Kasus penculikan terhadap anak-anak juga merupakan problem di Pakistan. Sebuah organisasi massa memiliki video animasi mengenai penyuluhannya, yang menyerukan anak-anak, agar tidak mau diajak orang tidak dikenal untuk naik kendaraannya. Video animasi itu disebarkan secara luas olah organisasi pelindung anak-anak " Sahil". Organisasi ini secara khusus melancarkan program untuk melindungi anak-anak dari korban tindak kekerasan seksual. Dengan pemutaran video animasi itu, sebagai bentuk penyuluhan di sekolah-sekolah maupun di kalangan kelompok masyarakat, organisasi ini berusaha mendorong anak-anak untuk menuntut dan membela haknya.

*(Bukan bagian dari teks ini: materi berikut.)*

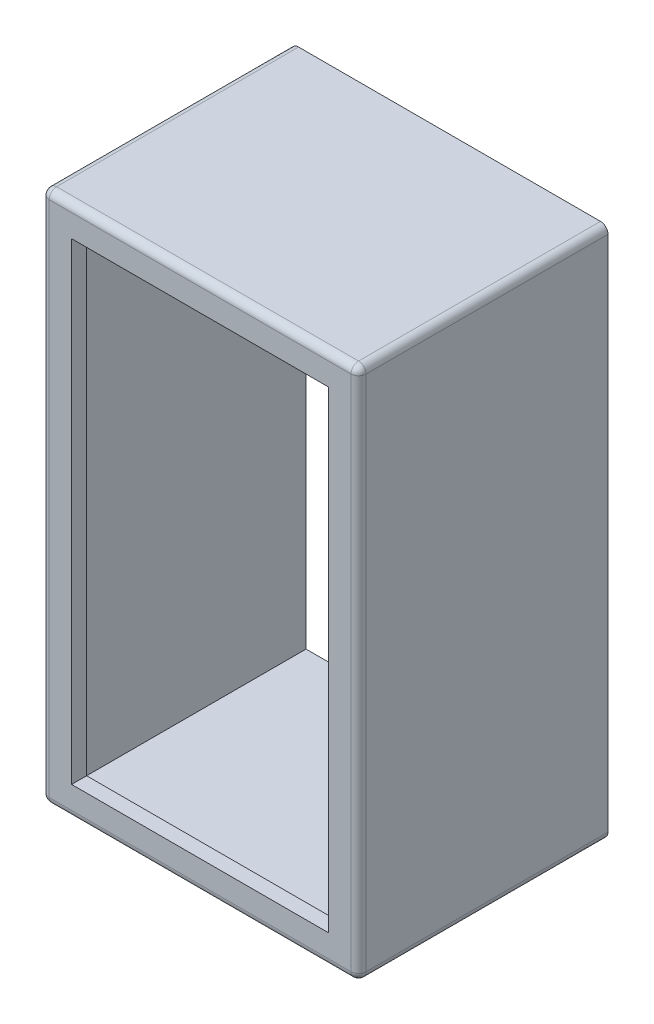
ISO-10303-21;
HEADER;
FILE_DESCRIPTION(('STEP AP214'),'2;1');
FILE_NAME('part.step','',(''),(''),'','','');
FILE_SCHEMA(('AUTOMOTIVE_DESIGN { 1 0 10303 214 1 1 1 1 }'));
ENDSEC;
DATA;
#1=APPLICATION_CONTEXT('core data for automotive mechanical design processes');
#2=APPLICATION_PROTOCOL_DEFINITION('international standard','automotive_design',2000,#1);
#3=PRODUCT_CONTEXT('',#1,'mechanical');
#4=PRODUCT('Part','Part','',(#3));
#5=PRODUCT_RELATED_PRODUCT_CATEGORY('part','',(#4));
#6=PRODUCT_DEFINITION_FORMATION('','',#4);
#7=PRODUCT_DEFINITION_CONTEXT('part definition',#1,'design');
#8=PRODUCT_DEFINITION('design','',#6,#7);
#9=PRODUCT_DEFINITION_SHAPE('','',#8);
#10=(LENGTH_UNIT() NAMED_UNIT(*) SI_UNIT(.MILLI.,.METRE.));
#11=(NAMED_UNIT(*) PLANE_ANGLE_UNIT() SI_UNIT($,.RADIAN.));
#12=(NAMED_UNIT(*) SI_UNIT($,.STERADIAN.) SOLID_ANGLE_UNIT());
#13=UNCERTAINTY_MEASURE_WITH_UNIT(LENGTH_MEASURE(1.E-05),#10,'distance_accuracy_value','');
#14=(GEOMETRIC_REPRESENTATION_CONTEXT(3) GLOBAL_UNCERTAINTY_ASSIGNED_CONTEXT((#13)) GLOBAL_UNIT_ASSIGNED_CONTEXT((#10,
#11,#12)) REPRESENTATION_CONTEXT('',''));
#15=CARTESIAN_POINT('',(0.,0.,0.));
#16=DIRECTION('',(0.,0.,1.));
#17=DIRECTION('',(1.,0.,0.));
#18=AXIS2_PLACEMENT_3D('',#15,#16,#17);
#19=CARTESIAN_POINT('',(9.30389435070419,50.8956969127035,7.93749999999999));
#20=DIRECTION('',(1.,0.,0.));
#21=DIRECTION('',(0.,1.,0.));
#22=AXIS2_PLACEMENT_3D('',#19,#20,#21);
#23=PLANE('',#22);
#24=DIRECTION('',(0.,-1.,0.));
#25=VECTOR('',#24,1.);
#26=CARTESIAN_POINT('',(9.30389435070419,50.8956969127035,8.19149999999999));
#27=LINE('',#26,#25);
#28=CARTESIAN_POINT('',(9.3038943507042,33.1156969127037,8.19149999999999));
#29=VERTEX_POINT('',#28);
#30=CARTESIAN_POINT('',(9.30389435070419,50.6416969127035,8.19149999999999));
#31=VERTEX_POINT('',#30);
#32=EDGE_CURVE('E274',#29,#31,#27,.F.);
#33=ORIENTED_EDGE('',*,*,#32,.T.);
#34=DIRECTION('',(0.,0.,-1.));
#35=VECTOR('',#34,1.);
#36=CARTESIAN_POINT('',(9.30389435070419,50.6416969127035,7.93749999999999));
#37=LINE('',#36,#35);
#38=CARTESIAN_POINT('',(9.30389435070419,50.6416969127035,0.));
#39=VERTEX_POINT('',#38);
#40=EDGE_CURVE('E278',#31,#39,#37,.T.);
#41=ORIENTED_EDGE('',*,*,#40,.T.);
#42=DIRECTION('',(0.,-1.,0.));
#43=VECTOR('',#42,1.);
#44=CARTESIAN_POINT('',(9.30389435070419,50.8956969127035,0.));
#45=LINE('',#44,#43);
#46=CARTESIAN_POINT('',(9.3038943507042,33.1156969127037,0.));
#47=VERTEX_POINT('',#46);
#48=EDGE_CURVE('E232',#39,#47,#45,.T.);
#49=ORIENTED_EDGE('',*,*,#48,.T.);
#50=DIRECTION('',(0.,0.,-1.));
#51=VECTOR('',#50,1.);
#52=CARTESIAN_POINT('',(9.3038943507042,33.1156969127037,7.93749999999999));
#53=LINE('',#52,#51);
#54=EDGE_CURVE('E276',#47,#29,#53,.F.);
#55=ORIENTED_EDGE('',*,*,#54,.T.);
#56=EDGE_LOOP('',(#33,#41,#49,#55));
#57=FACE_BOUND('',#56,.T.);
#58=ADVANCED_FACE('F61',(#57),#23,.F.);
#59=CARTESIAN_POINT('',(9.3038943507042,32.8616969127037,7.93749999999999));
#60=DIRECTION('',(0.,1.,0.));
#61=DIRECTION('',(0.,0.,1.));
#62=AXIS2_PLACEMENT_3D('',#59,#60,#61);
#63=PLANE('',#62);
#64=DIRECTION('',(1.,0.,0.));
#65=VECTOR('',#64,1.);
#66=CARTESIAN_POINT('',(9.3038943507042,32.8616969127037,0.));
#67=LINE('',#66,#65);
#68=CARTESIAN_POINT('',(9.5578943507042,32.8616969127037,0.));
#69=VERTEX_POINT('',#68);
#70=CARTESIAN_POINT('',(19.7813943507042,32.8616969127037,0.));
#71=VERTEX_POINT('',#70);
#72=EDGE_CURVE('E265',#69,#71,#67,.T.);
#73=ORIENTED_EDGE('',*,*,#72,.T.);
#74=DIRECTION('',(0.,0.,-1.));
#75=VECTOR('',#74,1.);
#76=CARTESIAN_POINT('',(19.7813943507042,32.8616969127037,7.93749999999999));
#77=LINE('',#76,#75);
#78=CARTESIAN_POINT('',(19.7813943507042,32.8616969127037,8.19149999999999));
#79=VERTEX_POINT('',#78);
#80=EDGE_CURVE('E305',#71,#79,#77,.F.);
#81=ORIENTED_EDGE('',*,*,#80,.T.);
#82=DIRECTION('',(1.,0.,0.));
#83=VECTOR('',#82,1.);
#84=CARTESIAN_POINT('',(9.3038943507042,32.8616969127037,8.19149999999999));
#85=LINE('',#84,#83);
#86=CARTESIAN_POINT('',(9.5578943507042,32.8616969127037,8.19149999999999));
#87=VERTEX_POINT('',#86);
#88=EDGE_CURVE('E301',#79,#87,#85,.F.);
#89=ORIENTED_EDGE('',*,*,#88,.T.);
#90=DIRECTION('',(0.,0.,-1.));
#91=VECTOR('',#90,1.);
#92=CARTESIAN_POINT('',(9.5578943507042,32.8616969127037,7.93749999999999));
#93=LINE('',#92,#91);
#94=EDGE_CURVE('E303',#87,#69,#93,.T.);
#95=ORIENTED_EDGE('',*,*,#94,.T.);
#96=EDGE_LOOP('',(#73,#81,#89,#95));
#97=FACE_BOUND('',#96,.T.);
#98=ADVANCED_FACE('F397',(#97),#63,.F.);
#99=CARTESIAN_POINT('',(20.0353943507042,50.8956969127035,7.93749999999999));
#100=DIRECTION('',(-1.,0.,0.));
#101=DIRECTION('',(0.,0.,1.));
#102=AXIS2_PLACEMENT_3D('',#99,#100,#101);
#103=PLANE('',#102);
#104=DIRECTION('',(0.,1.,0.));
#105=VECTOR('',#104,1.);
#106=CARTESIAN_POINT('',(20.0353943507042,50.8956969127035,0.));
#107=LINE('',#106,#105);
#108=CARTESIAN_POINT('',(20.0353943507042,33.1156969127037,0.));
#109=VERTEX_POINT('',#108);
#110=CARTESIAN_POINT('',(20.0353943507042,50.6416969127035,0.));
#111=VERTEX_POINT('',#110);
#112=EDGE_CURVE('E268',#109,#111,#107,.T.);
#113=ORIENTED_EDGE('',*,*,#112,.T.);
#114=DIRECTION('',(0.,0.,-1.));
#115=VECTOR('',#114,1.);
#116=CARTESIAN_POINT('',(20.0353943507042,50.6416969127035,7.93749999999999));
#117=LINE('',#116,#115);
#118=CARTESIAN_POINT('',(20.0353943507042,50.6416969127035,8.19149999999999));
#119=VERTEX_POINT('',#118);
#120=EDGE_CURVE('E299',#111,#119,#117,.F.);
#121=ORIENTED_EDGE('',*,*,#120,.T.);
#122=DIRECTION('',(0.,1.,0.));
#123=VECTOR('',#122,1.);
#124=CARTESIAN_POINT('',(20.0353943507042,32.8616969127037,8.19149999999999));
#125=LINE('',#124,#123);
#126=CARTESIAN_POINT('',(20.0353943507042,33.1156969127037,8.19149999999999));
#127=VERTEX_POINT('',#126);
#128=EDGE_CURVE('E295',#119,#127,#125,.F.);
#129=ORIENTED_EDGE('',*,*,#128,.T.);
#130=DIRECTION('',(0.,0.,-1.));
#131=VECTOR('',#130,1.);
#132=CARTESIAN_POINT('',(20.0353943507042,33.1156969127037,7.93749999999999));
#133=LINE('',#132,#131);
#134=EDGE_CURVE('E297',#127,#109,#133,.T.);
#135=ORIENTED_EDGE('',*,*,#134,.T.);
#136=EDGE_LOOP('',(#113,#121,#129,#135));
#137=FACE_BOUND('',#136,.T.);
#138=ADVANCED_FACE('F355',(#137),#103,.F.);
#139=CARTESIAN_POINT('',(9.30389435070419,50.8956969127035,7.93749999999999));
#140=DIRECTION('',(0.,-1.,0.));
#141=DIRECTION('',(0.,0.,-1.));
#142=AXIS2_PLACEMENT_3D('',#139,#140,#141);
#143=PLANE('',#142);
#144=DIRECTION('',(-1.,0.,0.));
#145=VECTOR('',#144,1.);
#146=CARTESIAN_POINT('',(9.30389435070419,50.8956969127035,0.));
#147=LINE('',#146,#145);
#148=CARTESIAN_POINT('',(19.7813943507042,50.8956969127035,0.));
#149=VERTEX_POINT('',#148);
#150=CARTESIAN_POINT('',(9.5578943507042,50.8956969127035,0.));
#151=VERTEX_POINT('',#150);
#152=EDGE_CURVE('E271',#149,#151,#147,.T.);
#153=ORIENTED_EDGE('',*,*,#152,.T.);
#154=DIRECTION('',(0.,0.,-1.));
#155=VECTOR('',#154,1.);
#156=CARTESIAN_POINT('',(9.5578943507042,50.8956969127035,7.93749999999999));
#157=LINE('',#156,#155);
#158=CARTESIAN_POINT('',(9.5578943507042,50.8956969127035,8.19149999999999));
#159=VERTEX_POINT('',#158);
#160=EDGE_CURVE('E293',#151,#159,#157,.F.);
#161=ORIENTED_EDGE('',*,*,#160,.T.);
#162=DIRECTION('',(-1.,0.,0.));
#163=VECTOR('',#162,1.);
#164=CARTESIAN_POINT('',(20.0353943507042,50.8956969127035,8.19149999999999));
#165=LINE('',#164,#163);
#166=CARTESIAN_POINT('',(19.7813943507042,50.8956969127035,8.19149999999999));
#167=VERTEX_POINT('',#166);
#168=EDGE_CURVE('E289',#159,#167,#165,.F.);
#169=ORIENTED_EDGE('',*,*,#168,.T.);
#170=DIRECTION('',(0.,0.,-1.));
#171=VECTOR('',#170,1.);
#172=CARTESIAN_POINT('',(19.7813943507042,50.8956969127035,7.93749999999999));
#173=LINE('',#172,#171);
#174=EDGE_CURVE('E291',#167,#149,#173,.T.);
#175=ORIENTED_EDGE('',*,*,#174,.T.);
#176=EDGE_LOOP('',(#153,#161,#169,#175));
#177=FACE_BOUND('',#176,.T.);
#178=ADVANCED_FACE('F401',(#177),#143,.F.);
#179=CARTESIAN_POINT('',(0.,0.,0.));
#180=DIRECTION('',(0.,0.,1.));
#181=DIRECTION('',(1.,0.,0.));
#182=AXIS2_PLACEMENT_3D('',#179,#180,#181);
#183=PLANE('',#182);
#184=DIRECTION('',(-1.,0.,0.));
#185=VECTOR('',#184,1.);
#186=CARTESIAN_POINT('',(9.30389435070419,50.3876969127035,0.));
#187=LINE('',#186,#185);
#188=CARTESIAN_POINT('',(19.5273943507042,50.3876969127035,0.));
#189=VERTEX_POINT('',#188);
#190=CARTESIAN_POINT('',(9.81189435070419,50.3876969127035,0.));
#191=VERTEX_POINT('',#190);
#192=EDGE_CURVE('E244',#189,#191,#187,.T.);
#193=ORIENTED_EDGE('',*,*,#192,.T.);
#194=DIRECTION('',(0.,-1.,0.));
#195=VECTOR('',#194,1.);
#196=CARTESIAN_POINT('',(9.81189435070419,50.8956969127035,0.));
#197=LINE('',#196,#195);
#198=CARTESIAN_POINT('',(9.8118943507042,33.3696969127037,0.));
#199=VERTEX_POINT('',#198);
#200=EDGE_CURVE('E205',#191,#199,#197,.T.);
#201=ORIENTED_EDGE('',*,*,#200,.T.);
#202=DIRECTION('',(1.,0.,0.));
#203=VECTOR('',#202,1.);
#204=CARTESIAN_POINT('',(9.3038943507042,33.3696969127037,0.));
#205=LINE('',#204,#203);
#206=CARTESIAN_POINT('',(19.5273943507042,33.3696969127037,0.));
#207=VERTEX_POINT('',#206);
#208=EDGE_CURVE('E243',#199,#207,#205,.T.);
#209=ORIENTED_EDGE('',*,*,#208,.T.);
#210=DIRECTION('',(0.,1.,0.));
#211=VECTOR('',#210,1.);
#212=CARTESIAN_POINT('',(19.5273943507042,50.8956969127035,0.));
#213=LINE('',#212,#211);
#214=EDGE_CURVE('E248',#207,#189,#213,.T.);
#215=ORIENTED_EDGE('',*,*,#214,.T.);
#216=EDGE_LOOP('',(#193,#201,#209,#215));
#217=FACE_BOUND('',#216,.T.);
#218=ORIENTED_EDGE('',*,*,#48,.F.);
#219=CARTESIAN_POINT('',(9.5578943507042,50.6416969127035,0.));
#220=DIRECTION('',(0.,0.,1.));
#221=DIRECTION('',(1.,0.,0.));
#222=AXIS2_PLACEMENT_3D('',#219,#220,#221);
#223=CIRCLE('',#222,0.254);
#224=EDGE_CURVE('E287',#39,#151,#223,.F.);
#225=ORIENTED_EDGE('',*,*,#224,.T.);
#226=ORIENTED_EDGE('',*,*,#152,.F.);
#227=CARTESIAN_POINT('',(19.7813943507042,50.6416969127035,0.));
#228=DIRECTION('',(0.,0.,1.));
#229=DIRECTION('',(1.,0.,0.));
#230=AXIS2_PLACEMENT_3D('',#227,#228,#229);
#231=CIRCLE('',#230,0.254);
#232=EDGE_CURVE('E285',#149,#111,#231,.F.);
#233=ORIENTED_EDGE('',*,*,#232,.T.);
#234=ORIENTED_EDGE('',*,*,#112,.F.);
#235=CARTESIAN_POINT('',(19.7813943507042,33.1156969127037,0.));
#236=DIRECTION('',(0.,0.,1.));
#237=DIRECTION('',(1.,0.,0.));
#238=AXIS2_PLACEMENT_3D('',#235,#236,#237);
#239=CIRCLE('',#238,0.254);
#240=EDGE_CURVE('E283',#109,#71,#239,.F.);
#241=ORIENTED_EDGE('',*,*,#240,.T.);
#242=ORIENTED_EDGE('',*,*,#72,.F.);
#243=CARTESIAN_POINT('',(9.5578943507042,33.1156969127037,0.));
#244=DIRECTION('',(0.,0.,1.));
#245=DIRECTION('',(1.,0.,0.));
#246=AXIS2_PLACEMENT_3D('',#243,#244,#245);
#247=CIRCLE('',#246,0.254);
#248=EDGE_CURVE('E281',#69,#47,#247,.F.);
#249=ORIENTED_EDGE('',*,*,#248,.T.);
#250=EDGE_LOOP('',(#218,#225,#226,#233,#234,#241,#242,#249));
#251=FACE_BOUND('',#250,.T.);
#252=ADVANCED_FACE('F359',(#217,#251),#183,.F.);
#253=CARTESIAN_POINT('',(9.81189435070419,50.8956969127035,7.93749999999999));
#254=DIRECTION('',(1.,0.,0.));
#255=DIRECTION('',(0.,1.,0.));
#256=AXIS2_PLACEMENT_3D('',#253,#254,#255);
#257=PLANE('',#256);
#258=ORIENTED_EDGE('',*,*,#200,.F.);
#259=DIRECTION('',(0.,0.,-1.));
#260=VECTOR('',#259,1.);
#261=CARTESIAN_POINT('',(9.81189435070419,50.3876969127035,7.93749999999999));
#262=LINE('',#261,#260);
#263=CARTESIAN_POINT('',(9.81189435070419,50.3876969127035,7.93749999999999));
#264=VERTEX_POINT('',#263);
#265=EDGE_CURVE('E234',#264,#191,#262,.T.);
#266=ORIENTED_EDGE('',*,*,#265,.F.);
#267=DIRECTION('',(0.,-1.,0.));
#268=VECTOR('',#267,1.);
#269=CARTESIAN_POINT('',(9.81189435070419,50.8956969127035,7.93749999999999));
#270=LINE('',#269,#268);
#271=CARTESIAN_POINT('',(9.8118943507042,33.3696969127037,7.93749999999999));
#272=VERTEX_POINT('',#271);
#273=EDGE_CURVE('E247',#264,#272,#270,.T.);
#274=ORIENTED_EDGE('',*,*,#273,.T.);
#275=DIRECTION('',(0.,0.,-1.));
#276=VECTOR('',#275,1.);
#277=CARTESIAN_POINT('',(9.8118943507042,33.3696969127037,7.93749999999999));
#278=LINE('',#277,#276);
#279=EDGE_CURVE('E229',#272,#199,#278,.T.);
#280=ORIENTED_EDGE('',*,*,#279,.T.);
#281=EDGE_LOOP('',(#258,#266,#274,#280));
#282=FACE_BOUND('',#281,.T.);
#283=ADVANCED_FACE('F426',(#282),#257,.T.);
#284=CARTESIAN_POINT('',(9.3038943507042,33.3696969127037,7.93749999999999));
#285=DIRECTION('',(0.,1.,0.));
#286=DIRECTION('',(0.,0.,1.));
#287=AXIS2_PLACEMENT_3D('',#284,#285,#286);
#288=PLANE('',#287);
#289=ORIENTED_EDGE('',*,*,#208,.F.);
#290=ORIENTED_EDGE('',*,*,#279,.F.);
#291=DIRECTION('',(1.,0.,0.));
#292=VECTOR('',#291,1.);
#293=CARTESIAN_POINT('',(9.3038943507042,33.3696969127037,7.93749999999999));
#294=LINE('',#293,#292);
#295=CARTESIAN_POINT('',(19.5273943507042,33.3696969127037,7.93749999999999));
#296=VERTEX_POINT('',#295);
#297=EDGE_CURVE('E255',#272,#296,#294,.T.);
#298=ORIENTED_EDGE('',*,*,#297,.T.);
#299=DIRECTION('',(0.,0.,-1.));
#300=VECTOR('',#299,1.);
#301=CARTESIAN_POINT('',(19.5273943507042,33.3696969127037,7.93749999999999));
#302=LINE('',#301,#300);
#303=EDGE_CURVE('E233',#296,#207,#302,.T.);
#304=ORIENTED_EDGE('',*,*,#303,.T.);
#305=EDGE_LOOP('',(#289,#290,#298,#304));
#306=FACE_BOUND('',#305,.T.);
#307=ADVANCED_FACE('F435',(#306),#288,.T.);
#308=CARTESIAN_POINT('',(19.5273943507042,50.8956969127035,7.93749999999999));
#309=DIRECTION('',(-1.,0.,0.));
#310=DIRECTION('',(0.,0.,1.));
#311=AXIS2_PLACEMENT_3D('',#308,#309,#310);
#312=PLANE('',#311);
#313=ORIENTED_EDGE('',*,*,#214,.F.);
#314=ORIENTED_EDGE('',*,*,#303,.F.);
#315=DIRECTION('',(0.,1.,0.));
#316=VECTOR('',#315,1.);
#317=CARTESIAN_POINT('',(19.5273943507042,50.8956969127035,7.93749999999999));
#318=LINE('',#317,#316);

Sahil mendirikan sebuah pusat yang khusus menangani para korban tindak kekerasan seksual. Di tempat ini juga dilakukan penanganan secara psikologis. Terutama yang mengalami trauma berat adalah anak-anak jalanan.

Sahil Saeed Entführung
Sahil Saeed, korban penculikan yang ditemukanFoto: AP

Pelaku Kejahatan Terhadap Anak Kerap Lolos dari Jerat Hukum

Tindak kekerasan seksual terhadap anak-anak di Pakistan jarang yang diusut secara hukum atau dipublikasikan. Disamping masyarakat sendiri tidak secara terbuka mengungkapkannya. Demikian dikatakan Sidra Humayun, koordinator organisasi yang menamakan dirinya "perang melawan perkosaan" di Lahore. Organisasi ini sejak bertahun-tahun menangani remaja puteri korban tindak kekerasan seksual yang selamat.

Meskipun di waktu belakangan berbagai organisasi non pemerintah dengan giat melancarkan perang terhadap tindak kekerasan seksual, tapi nampaknya kesadaran publik di Pakistan belum tergugah untuk mencegah dan menangani kasus tersebut. Manizeh Bono dari organsasi Sahil juga mengungkapkan bahwa pada awal kegiatannya, mereka sama sekali tidak mengetahui dengan siapa harus berbicara. Tidak seorangpun yang membicarakannya, termasuk media. Sekarang organisasi ini meminta informasi dari media. Juga para guru mengunjungi organisasi non pemerintah yang berusaha untuk membela dan melindungi hak anak. Kecenderungan ini dinilai sebagai adanya perubahan besar yang dapat memberikan dorongan bagi usaha melindungi hak anak-anak di Pakistan.

Membangun Kerjasama dengan ILO

Secara umum dapat disimpulkan, ada tiga penyebab utama mengapa jumlah pekerja anak-anak di Pakistan terus membengkak. Yang pertama, tentu saja akibat kemiskinan, dimana anak-anak juga harus bekerja untuk memenuhi kebutuhan keluarganya. Yang kedua, besarnya permintaan untuk mendapatkan tenaga kerja yang murah. Dan yang ketiga, anak-anak terpaksa harus memikul beban utang dari orang tuanya.

Sementara itu untuk mengatasi masalah pekerja anak-anak, pemerintah Pakistan menjalin kerjasama dengan Organisasi Buruh Interanasional ILO. Selama ini dalam program penanganan pekerja anak-anak, juga berhasil dibebaskan ribuan anak-anak yang tenaganya dieksploitasi dengan upah yang sangat rendah dengan kondisi kerja yang sangat buruk.

Tapi langkah pemerintah Pakistan untuk mengatasi pekerja anak-anak, seperti halnya di sejumlah negara lainnya, masih memerlukan waktu yang panjang. Selama kemiskinan masih melilit sebagian besar warga, maka pekerja anak-anak akan terus tumbuh.